[Dataset records]
* * *

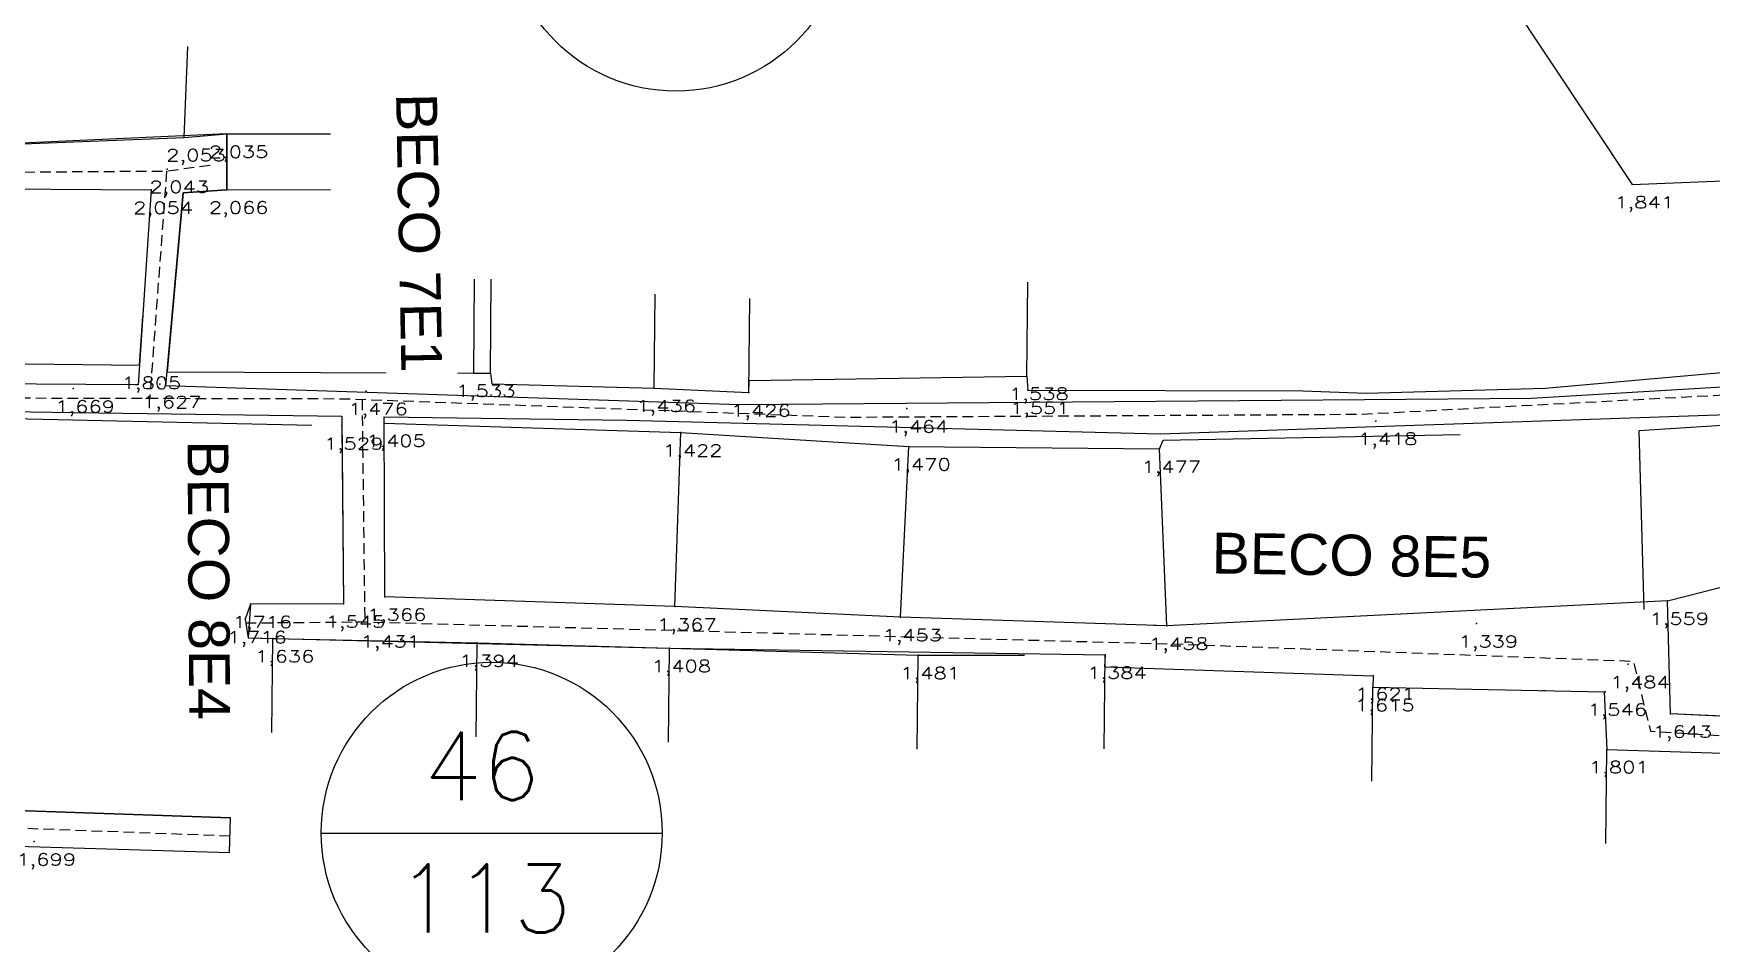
# Model space of a CAD drawing. Extents: x -160 to 364724, y -100 to 7353297.
# Drawn here: x 359324.5 to 359373.71, y 7352614.01 to 7352640.69 of the extents above; entities that cross this region are included whole.
import ezdxf
from ezdxf.enums import TextEntityAlignment as Align

# ---------------------------------------------------------------- set-up
doc = ezdxf.new("R2010")
doc.units = 0
doc.header["$LTSCALE"] = 5
for name, pattern in [('CENTER2', [1.125, 0.75, -0.125, 0.125, -0.125]), ('CONTINUO', [0]), ('DASHDOT2', [12.7, 6.35, -3.175, 0, -3.175]), ('HIDDEN2', [0.1875, 0.125, -0.0625])]:
    doc.linetypes.add(name, pattern=pattern)
for name, color, linetype in [('0-quadras', 6, 'Continuous'), ('COTAS', 1, 'Continuous'), ('LT-COTAS', 7, 'CONTINUO'), ('ortofoto', 7, 'Continuous'), ('P_Eixo', 1, 'CENTER2'), ('TEXTO', 7, 'Continuous'), ('ZZ-Carimbo Texto', 7, 'Continuous')]:
    doc.layers.add(name, color=color, linetype=linetype)
doc.layers.add('LT-ALINHAMENTO-PREDIAL', color=4, linetype='DASHDOT2', lineweight=25)
doc.styles.add('CARIMBO', font='arial.ttf', dxfattribs={"height": 2})
doc.styles.add('SABESP', font='ROMANS.shx', dxfattribs={"height": 2})
doc.styles.add('simplex', font='simplex.shx', dxfattribs={"width": 0.8})
doc.styles.get("Standard").update_dxf_attribs({"font": 'arial.ttf'})
picture_1 = doc.add_image_def('image1.tif', size_in_pixel=(14710, 13573))

# ---------------------------------------------------------------- blocks, each defined once
blk = doc.blocks.new('SIMB_PONTO')
at = {"color": 0}
blk.add_point((0, 0), dxfattribs=at)
for tag in ['COTA', 'PONTO', 'DESC']:
    blk.add_attdef(tag, (0, 0), '', height=1)

msp = doc.modelspace()

# ---------------------------------------------------------------- linework, layer by layer
at = {"layer": '0-quadras', "color": 5, "lineweight": 30, "ltscale": 0.3}
msp.add_lwpolyline([(359281.962, 7352637.326), (359283.445, 7352637.318), (359311.692, 7352635.901), (359311.709, 7352635.901), (359319.132, 7352636.174), (359327.952, 7352636.11), (359327.568, 7352630.393), (359327.481, 7352630.396), (359311.556, 7352630.498), (359295.61, 7352630.889), (359281.929, 7352631.352)], close=True, dxfattribs=at)
msp.add_lwpolyline([(359318.782, 7352617.019), (359330.247, 7352616.676), (359330.278, 7352617.699), (359320.29, 7352618.04)], dxfattribs=at)
at = {"layer": 'COTAS', "ltscale": 4}
msp.add_line((359332.937, 7352617.248), (359342.937, 7352617.248), dxfattribs=at)
at = {"layer": 'COTAS'}
for centre in [(359343.339, 7352644.006), (359337.937, 7352617.256)]:
    msp.add_circle(centre, 5, dxfattribs=at)
at = {"layer": 'LT-ALINHAMENTO-PREDIAL', "color": 8, "ltscale": 3, "flags": 128}
for points, elevation in [([(359361.726, 7352630.218), (359363.587, 7352630.145), (359368.836, 7352630.298), (359381.384, 7352631.409), (359387.501, 7352631.95), (359392.401, 7352631.638), (359398.884, 7352630.602), (359400.005, 7352636.125), (359401.238, 7352644.117), (359399.766, 7352645.081), (359392.519, 7352645.624)], 1.533), ([(359366.934, 7352642.959), (359371.387, 7352636.27), (359378.268, 7352636.543), (359383.624, 7352636.094), (359383.662, 7352641.803), (359388.44, 7352641.734), (359388.452, 7352645.473), (359392.519, 7352645.607)], 2.321), ([(359328.917, 7352637.651), (359329.029, 7352640.312)], 2.053)]:
    msp.add_lwpolyline(points, dxfattribs=dict(at, elevation=elevation))
at = {"layer": 'LT-ALINHAMENTO-PREDIAL', "color": 8, "flags": 128}
for points, elevation in [([(359319.174, 7352637.178), (359320.278, 7352637.3), (359328.917, 7352637.651), (359330.166, 7352637.75), (359330.169, 7352636.115), (359328.884, 7352636.025), (359328.417, 7352630.771), (359337.408, 7352630.739)], 2.112), ([(359330.166, 7352637.75), (359333.207, 7352637.756)], 2.035), ([(359297.47, 7352631.13), (359310.197, 7352630.469), (359311.542, 7352631.14), (359319.936, 7352631.055), (359327.607, 7352630.973), (359327.952, 7352636.11), (359319.132, 7352636.174)], 2.173), ([(359330.169, 7352636.115), (359333.21, 7352636.121)], 2.066), ([(359337.408, 7352630.739), (359337.436, 7352633.496)], 1.533), ([(359337.897, 7352630.737), (359337.925, 7352633.495)], 1.533), ([(359353.633, 7352630.651), (359353.661, 7352633.408)], 1.533), ([(359342.703, 7352630.298), (359342.731, 7352633.055)], 1.436), ([(359345.48, 7352630.165), (359345.508, 7352632.922)], 1.426), ([(359337.408, 7352630.739), (359337.897, 7352630.737), (359337.94, 7352630.423), (359342.703, 7352630.298), (359345.48, 7352630.165), (359345.486, 7352630.524), (359353.633, 7352630.651), (359353.658, 7352630.238), (359361.726, 7352630.218)], 1.533), ([(359300.919, 7352629.773), (359314.728, 7352629.491), (359323.312, 7352629.417), (359333.537, 7352629.193), (359333.537, 7352629.193)], 2.21), ([(359333.537, 7352629.193), (359333.591, 7352623.972), (359330.861, 7352623.963), (359330.703, 7352623.516), (359330.792, 7352622.972), (359331.515, 7352622.956), (359337.509, 7352622.825), (359343.147, 7352622.671), (359350.446, 7352622.464), (359355.924, 7352622.473), (359355.92, 7352622.126), (359363.787, 7352621.857), (359363.779, 7352621.525), (359370.558, 7352621.394), (359370.642, 7352619.703), (359375.558, 7352619.566), (359379.907, 7352619.408), (359379.966, 7352614.366), (359392.749, 7352614.266), (359398.907, 7352614.201), (359407.809, 7352611.814)], 1.529), ([(359334.781, 7352629.273), (359343.482, 7352628.995), (359350.174, 7352628.585), (359357.518, 7352628.517), (359357.629, 7352628.775), (359371.582, 7352629.041)], 2.21), ([(359343.31, 7352623.892), (359343.482, 7352628.995)], 1.422), ([(359349.921, 7352623.575), (359350.174, 7352628.585)], 1.47), ([(359357.737, 7352623.326), (359357.518, 7352628.517)], 1.477), ([(359299.872, 7352623.672), (359299.702, 7352618.222), (359298.607, 7352618.217), (359298.656, 7352617.351), (359307.831, 7352617.444), (359313.74, 7352617.623), (359318.782, 7352617.019), (359323.789, 7352616.897), (359330.383, 7352616.672)], 1.811), ([(359320.313, 7352623.521), (359320.29, 7352618.04), (359330.278, 7352617.699)], 1.612), ([(359331.487, 7352620.199), (359331.515, 7352622.956)], 1.529), ([(359337.481, 7352620.068), (359337.509, 7352622.825)], 1.394), ([(359343.119, 7352619.914), (359343.147, 7352622.671)], 1.408), ([(359350.418, 7352619.707), (359350.446, 7352622.464)], 1.481), ([(359355.896, 7352619.716), (359355.924, 7352622.473)], 1.384), ([(359363.751, 7352618.768), (359363.779, 7352621.525)], 1.529), ([(359370.614, 7352616.946), (359370.642, 7352619.703)], 1.529)]:
    msp.add_lwpolyline(points, dxfattribs=dict(at, elevation=elevation))
at = {"layer": 'LT-ALINHAMENTO-PREDIAL', "color": 8, "ltscale": 3, "flags": 128}
msp.add_lwpolyline([(359372.416, 7352624.059), (359374.373, 7352624.56), (359389.278, 7352624.881), (359388.872, 7352629.686), (359381.811, 7352629.644), (359374.337, 7352629.222), (359371.582, 7352629.041), (359371.723, 7352623.8)], dxfattribs=at)
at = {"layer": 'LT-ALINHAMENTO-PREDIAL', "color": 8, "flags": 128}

* * *

• Exercise objective
Reproduce verbatim the lines above, from the line with "blk.add_point((0, 0), dxfattribs=at)" through the line with "(359342.937, 7352617.248), dxfattribs=at)".

• Completed exercise
blk.add_point((0, 0), dxfattribs=at)
for tag in ['COTA', 'PONTO', 'DESC']:
    blk.add_attdef(tag, (0, 0), '', height=1)

msp = doc.modelspace()

# ---------------------------------------------------------------- linework, layer by layer
at = {"layer": '0-quadras', "color": 5, "lineweight": 30, "ltscale": 0.3}
msp.add_lwpolyline([(359281.962, 7352637.326), (359283.445, 7352637.318), (359311.692, 7352635.901), (359311.709, 7352635.901), (359319.132, 7352636.174), (359327.952, 7352636.11), (359327.568, 7352630.393), (359327.481, 7352630.396), (359311.556, 7352630.498), (359295.61, 7352630.889), (359281.929, 7352631.352)], close=True, dxfattribs=at)
msp.add_lwpolyline([(359318.782, 7352617.019), (359330.247, 7352616.676), (359330.278, 7352617.699), (359320.29, 7352618.04)], dxfattribs=at)
at = {"layer": 'COTAS', "ltscale": 4}
msp.add_line((359332.937, 7352617.248), (359342.937, 7352617.248), dxfattribs=at)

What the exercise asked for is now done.